Note:
This topic has been translated from a Chinese forum by GPT and might contain errors.Original topic: 一张表两亿数据,用tidb,底层还要做分区么

For a table with 200 million records using TiDB, do we still need to do partitioning at the underlying level?
Note:
This topic has been translated from a Chinese forum by GPT and might contain errors.Original topic: 一张表两亿数据,用tidb,底层还要做分区么
For a table with 200 million records using TiDB, do we still need to do partitioning at the underlying level?
The main purpose of partitioning is to facilitate future data deletion.
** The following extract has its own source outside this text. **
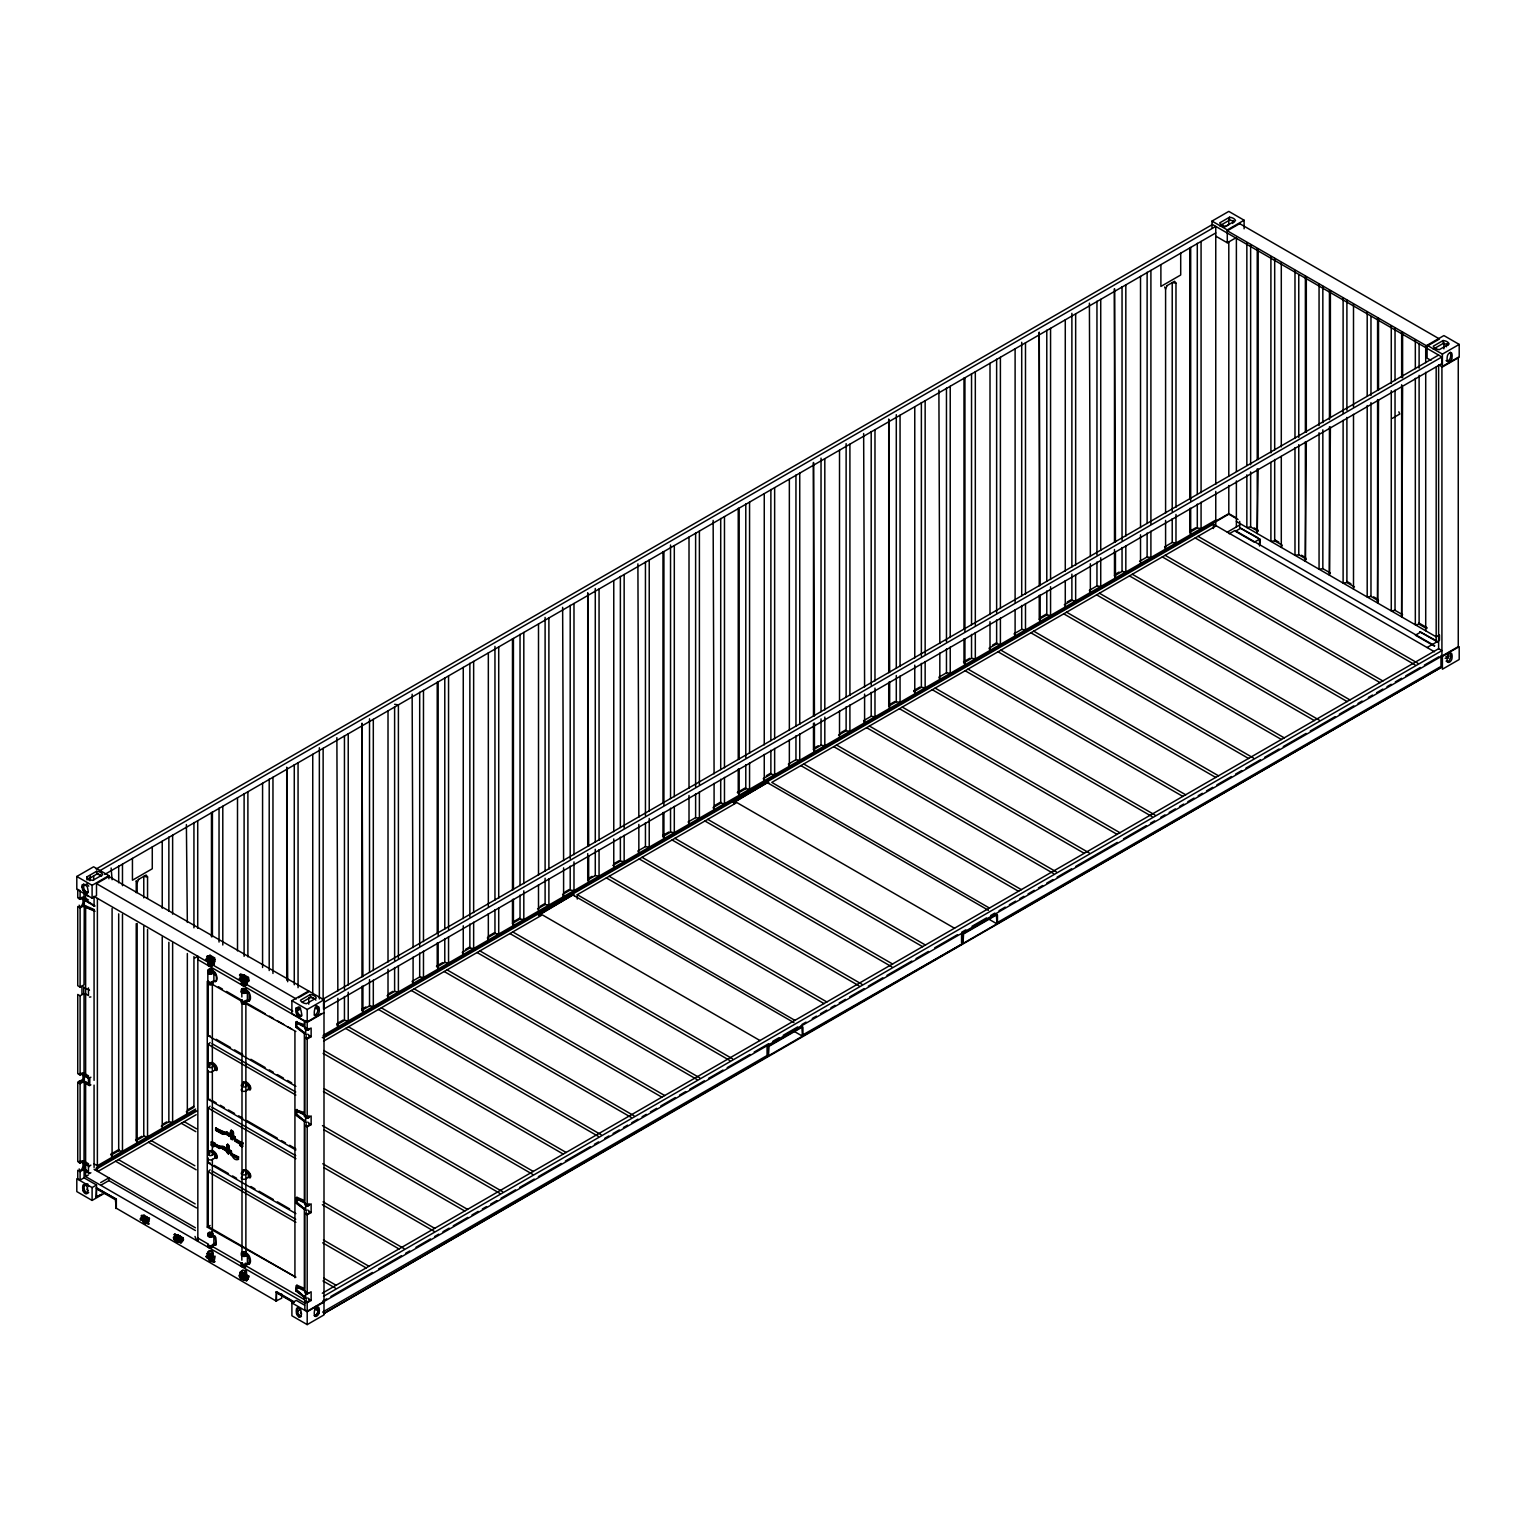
<?xml version="1.0" encoding="UTF-8"?>
<svg xmlns="http://www.w3.org/2000/svg" width="1536" height="1536" viewBox="0 0 1536 1536"><rect width="100%" height="100%" fill="white"/><g stroke="black" fill="none" stroke-linecap="round" stroke-linejoin="round"><path stroke-width="1.5" d="M305.146 1303.277L85.613 1176.557L85.632 1081.824M85.632 1074.182L85.632 905.971M85.632 898.349L85.632 893.798M227.194 1150.061L225.792 1150.618L226.349 1148.083M227.194 1150.618L227.808 1153.325M228.096 1152.326L226.829 1152.211L228.25 1153.978L229.19 1145.952L227.77 1144.186L226.829 1147.258L228.71 1148.352L228.25 1150.906M227.482 1144.954L228.326 1147.373L227.04 1145.203M229.69 1135.142L230.803 1130.534C237.235 1129.421 230.4 1147.373 230.822 1135.219L232.186 1131.878L231.11 1130.957M230.822 1135.219C233.395 1131.168 230.016 1133.318 228.979 1135.834M231.053 1136.486L231.302 1137.811M322.598 1312.128L767.059 1055.52L767.059 1047.341A1.997 1.152 -60 0 1 768.48 1044.883M768 1056.077L768 1047.898A1.997 1.152 -60 0 1 769.421 1045.44L801.523 1026.893A1.997 1.152 -60 0 1 802.944 1027.718L802.944 1035.898L801.984 1035.36L962.515 943.757L962.515 935.578A1.997 1.152 -60 0 1 963.936 933.139L996.038 914.592A1.997 1.152 -60 0 1 997.459 915.418L997.459 923.597L1441.92 666.989L323.539 1313.76L768 1056.077L767.059 1055.52M802.464 1036.166L801.888 1027.315L769.056 1046.266L768.48 1055.789L802.464 1036.166L794.189 1031.386M961.574 943.219L961.574 935.04A1.997 1.152 -60 0 1 962.995 932.582M997.459 923.597L996.518 914.861A1.997 1.152 -60 0 0 995.098 914.054M996.979 923.866L996.403 915.014L963.571 933.965L962.995 943.488L996.979 923.866L988.723 919.085M1215.763 525.504L1215.763 491.424M1215.763 484.282L1215.763 226.406L99.456 870.912M322.33 1037.53L1228.8 514.176L1228.8 485.472M1228.8 475.91L1228.8 241.536M1236.384 526.906L1236.384 480.902M1259.52 545.971L1259.52 539.174L1239.686 527.731L1239.686 521.376M1436.179 367.2L1436.179 642.278M996.518 923.04L1440.979 666.432L1440.979 655.526L1442.4 656.352L1459.2 646.656L1459.2 659.52L1442.4 669.216L1442.4 656.352M222.97 1131.859L223.008 1133.626M219.341 1148.41L219.629 1146.278L219.341 1148.41L220.896 1147.68L230.669 1153.325L230.669 1151.962C221.99 1146.874 225.389 1146.374 219.341 1148.41L212.698 1144.57L212.698 1142.822L219.629 1146.278L223.066 1146.278L231.341 1151.059L232.09 1155.226C230.592 1150.445 232.474 1161.466 237.946 1159.488L238.694 1156.973L231.341 1153.594M539.021 915.149L572.736 894.912L793.92 1022.611M733.536 802.829L767.251 782.592L988.435 910.31M240.922 981.082L240.806 976.55L238.925 979.373L241.574 980.698M208.224 970.483L209.626 969.677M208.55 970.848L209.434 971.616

You can simply delete the partition. Using delete in TiDB is very troublesome.
It depends on the hardware environment. If it is standard or over-configured, I think there is no need to partition.
If it is date-related data, such as an increase of 20 million per month, and it needs to be cleaned up every year, you can use partitioning for easier cleanup; or, if you only need to query the latest month’s data each time and the corresponding SQL specifies the partition key, you can also use partitioning. In this case, the query will only scan the latest partition.
Partitioning can provide maintenance and efficiency improvements. For example, directly deleting a partition can delete the corresponding data. When partitioning by range or list, the query optimizer will generate an execution plan that only scans the corresponding partition data, avoiding the heavy operation of a full table scan (non-point query). Furthermore, if you need to distinguish between cold, warm, and hot data, as well as online and offline data, partitioned tables are still necessary.
Well, for this kind of large table business, we can only make it into a wide table. It’s not suitable to join other tables for OLTP. Now we are using various redundancies to make wide tables, but maintaining data consistency will be an issue.